Voting informal just because you don't understand the Australian voting system is not a smart thing to do. Admittedly, the way Australians elect representatives is a bit odd, but other countries have idiosyncratic election methods as well. The US collegial way is considered far too complicated to explain to an outsider. Though quite simple, the British process of first past the post tends to favor a choice between two parties. It was unusual for the third party, the Liberal Democrats, to win so many seats as in the last election.

The Australian voting system is not that complicated. In Britain votes going to a third party are lost, totally. Just remember that in Australia a vote to a weaker party is counted as a full vote to the first or second party leading in the count. It doesn't matter where you put the major parties in your numbered list on the voting paper. What does count is which of these parties appears higher in your list. The party highest, i.e., closer to number "1", in your list is allocated your vote. That about sums it up.

Voting for the Senate is ordinary proportional voting with an Australian twist. The number of Senate seats is six for each state and two per territory. For a double dissolution 12 seats in each state are up for grabs plus two for each territory. If candidates were elected by voters selecting only one prospective Senator the result would be much the same as Australia's proportional system.

The voting paper has a horizontal line drawn across it. To vote below the line, number all of the squares next to candidates, "1", "2", "3"... and so on until you reach the total number of candidates - choosing the most favored candidate as "1" then allocating accordingly.

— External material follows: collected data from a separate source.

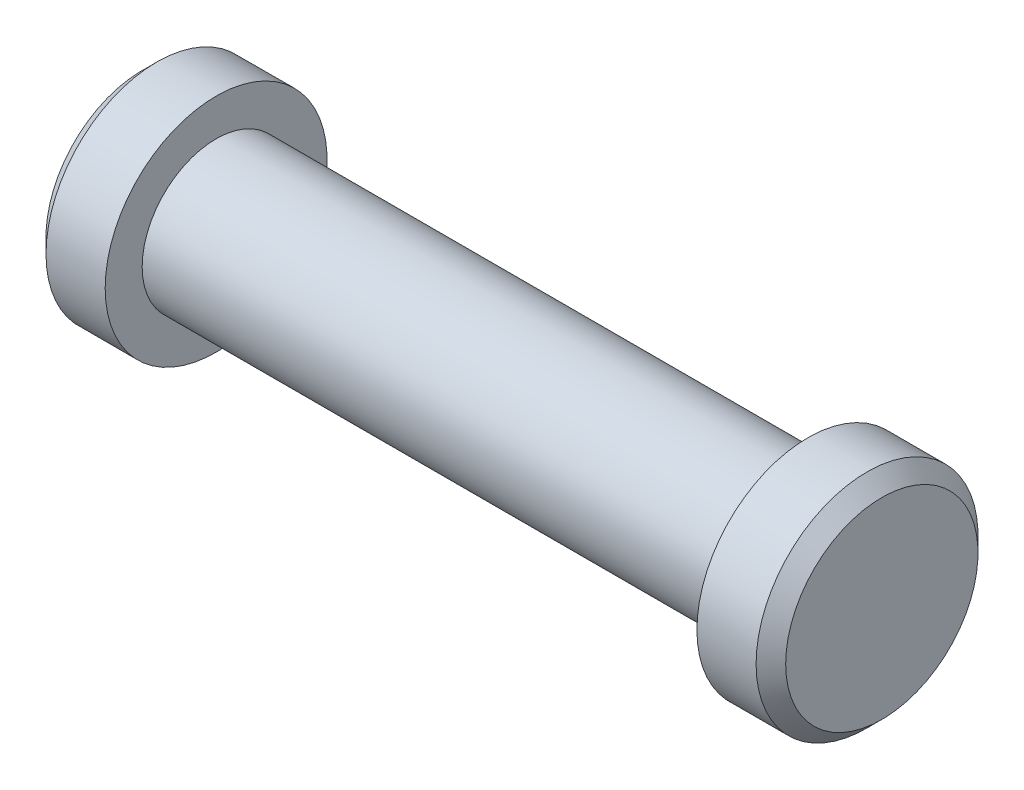
from build123d import *

# Parameters (mm, degrees)
CHAMFER1_SIZE = 0.254
SCALE1_SCALE  = 1.5


with BuildPart() as part:
    # Sketch1 → Revolve1 (revolve)
    with BuildSketch(Plane.XY, mode=Mode.PRIVATE) as revolve1_sk:
        Polygon((-6.35, 0), (-6.35, 1.905), (-5.08, 1.905), (-5.08, 1.27), (5.08, 1.27), (5.08, 1.905), (6.35, 1.905), (6.35, 0), align=None)
    revolve(revolve1_sk.sketch.rotate(Axis((-6.35, 0, 0), (1, 0, 0)), 90), axis=Axis((-6.35, 0, 0), (1, 0, 0)))

    # Chamfer1
    chamfer1_edges = [part.edges().sort_by_distance(p)[0] for p in [
        (6.35, 0, -1.905),
        (-6.35, 0, -1.905),
    ]]
    chamfer(chamfer1_edges, length=CHAMFER1_SIZE)


with BuildPart() as part_1:
    # Scale1: scaled about (0, 0, 0)
    add(part.part.scale(SCALE1_SCALE))


solid = part_1.part

Voting above the line is known as a "ticket vote". If you put number "1" in one of the squares in the top section your votes are "preallocated" by the party you chose as "1", as if you filled out all squares below the line.

All the number "1" votes are counted by party. In each state, if a party has 14.3% of number "1" votes (a quota) the party has a Senator elected. Two Senators get up when more than 28.6% "formal" votes are gained. A ridiculous complex mathematical formula is used to determine the remaining one or two of the six Senate seats not achieving a quota in each state. Basically, selection is worked out based on highest preference by the numbers on the ballot papers.

Considering ticket votes comprised nearly 95% of all Senate votes in the 2001 election it is time for a review of the system. As noted, the way selection is carried out is ridiculous.

As long as you remember the forgoing explanation voting is quite straightforward.